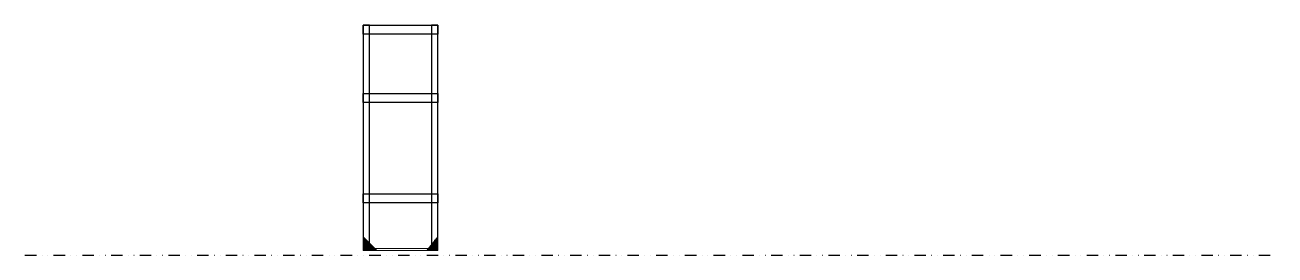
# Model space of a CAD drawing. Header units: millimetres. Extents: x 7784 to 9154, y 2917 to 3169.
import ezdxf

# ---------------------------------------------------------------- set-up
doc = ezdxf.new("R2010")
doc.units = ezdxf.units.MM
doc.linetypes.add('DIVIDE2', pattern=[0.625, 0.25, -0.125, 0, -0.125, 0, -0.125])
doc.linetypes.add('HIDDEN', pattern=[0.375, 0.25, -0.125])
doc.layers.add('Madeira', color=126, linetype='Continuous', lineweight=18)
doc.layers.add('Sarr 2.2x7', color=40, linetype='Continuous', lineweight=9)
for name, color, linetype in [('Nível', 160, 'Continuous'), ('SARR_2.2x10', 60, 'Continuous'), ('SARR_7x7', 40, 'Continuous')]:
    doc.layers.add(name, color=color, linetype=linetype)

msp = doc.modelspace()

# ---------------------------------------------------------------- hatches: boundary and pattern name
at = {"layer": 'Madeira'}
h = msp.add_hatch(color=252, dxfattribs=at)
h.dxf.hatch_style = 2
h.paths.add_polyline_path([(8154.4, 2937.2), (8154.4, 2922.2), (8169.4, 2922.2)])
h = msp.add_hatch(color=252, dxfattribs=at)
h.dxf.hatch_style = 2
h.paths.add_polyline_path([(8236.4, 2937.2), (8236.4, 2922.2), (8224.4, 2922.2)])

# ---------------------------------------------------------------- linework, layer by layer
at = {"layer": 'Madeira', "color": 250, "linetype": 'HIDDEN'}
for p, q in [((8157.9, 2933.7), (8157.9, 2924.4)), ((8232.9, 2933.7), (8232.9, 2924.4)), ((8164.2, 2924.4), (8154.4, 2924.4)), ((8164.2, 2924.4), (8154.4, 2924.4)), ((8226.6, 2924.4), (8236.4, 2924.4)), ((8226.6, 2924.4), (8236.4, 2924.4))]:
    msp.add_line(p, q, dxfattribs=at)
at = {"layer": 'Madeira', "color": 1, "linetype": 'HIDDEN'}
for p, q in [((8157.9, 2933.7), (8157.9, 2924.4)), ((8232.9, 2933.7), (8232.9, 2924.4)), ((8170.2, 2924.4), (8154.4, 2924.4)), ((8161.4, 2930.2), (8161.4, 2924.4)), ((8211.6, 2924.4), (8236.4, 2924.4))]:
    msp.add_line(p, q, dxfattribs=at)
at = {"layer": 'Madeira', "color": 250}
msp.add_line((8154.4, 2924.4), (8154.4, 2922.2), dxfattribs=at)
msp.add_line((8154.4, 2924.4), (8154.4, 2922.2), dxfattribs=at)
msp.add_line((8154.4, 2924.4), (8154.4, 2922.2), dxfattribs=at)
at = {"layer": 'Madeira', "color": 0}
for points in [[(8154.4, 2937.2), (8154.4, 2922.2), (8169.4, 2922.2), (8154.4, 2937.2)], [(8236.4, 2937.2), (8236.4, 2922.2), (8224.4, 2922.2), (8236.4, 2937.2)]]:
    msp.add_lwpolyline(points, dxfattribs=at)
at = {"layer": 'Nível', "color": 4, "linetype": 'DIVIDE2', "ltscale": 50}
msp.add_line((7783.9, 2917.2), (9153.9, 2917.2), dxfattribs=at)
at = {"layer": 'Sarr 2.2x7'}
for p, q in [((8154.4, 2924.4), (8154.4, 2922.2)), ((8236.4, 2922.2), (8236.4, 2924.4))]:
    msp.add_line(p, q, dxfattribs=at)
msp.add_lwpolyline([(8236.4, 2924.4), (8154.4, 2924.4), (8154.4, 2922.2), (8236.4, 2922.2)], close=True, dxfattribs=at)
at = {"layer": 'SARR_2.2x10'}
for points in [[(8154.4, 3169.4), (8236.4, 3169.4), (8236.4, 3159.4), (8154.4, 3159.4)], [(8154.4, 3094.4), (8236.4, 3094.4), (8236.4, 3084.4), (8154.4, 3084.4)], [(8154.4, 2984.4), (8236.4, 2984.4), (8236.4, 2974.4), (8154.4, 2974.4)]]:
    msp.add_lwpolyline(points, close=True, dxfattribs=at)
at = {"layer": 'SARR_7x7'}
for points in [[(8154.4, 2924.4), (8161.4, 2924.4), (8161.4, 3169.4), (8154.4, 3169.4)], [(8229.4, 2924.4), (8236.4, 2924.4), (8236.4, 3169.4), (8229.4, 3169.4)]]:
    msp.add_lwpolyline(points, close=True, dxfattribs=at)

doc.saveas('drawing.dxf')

Problem description →
Exactly restate the lines from the beginning of the data through the line with "doc.linetypes.add('HIDDEN', pattern=[0.375, 0.25, -0.125])", and no others, keeping pictures out.

Answer for the task →
# Model space of a CAD drawing. Header units: millimetres. Extents: x 7784 to 9154, y 2917 to 3169.
import ezdxf

# ---------------------------------------------------------------- set-up
doc = ezdxf.new("R2010")
doc.units = ezdxf.units.MM
doc.linetypes.add('DIVIDE2', pattern=[0.625, 0.25, -0.125, 0, -0.125, 0, -0.125])
doc.linetypes.add('HIDDEN', pattern=[0.375, 0.25, -0.125])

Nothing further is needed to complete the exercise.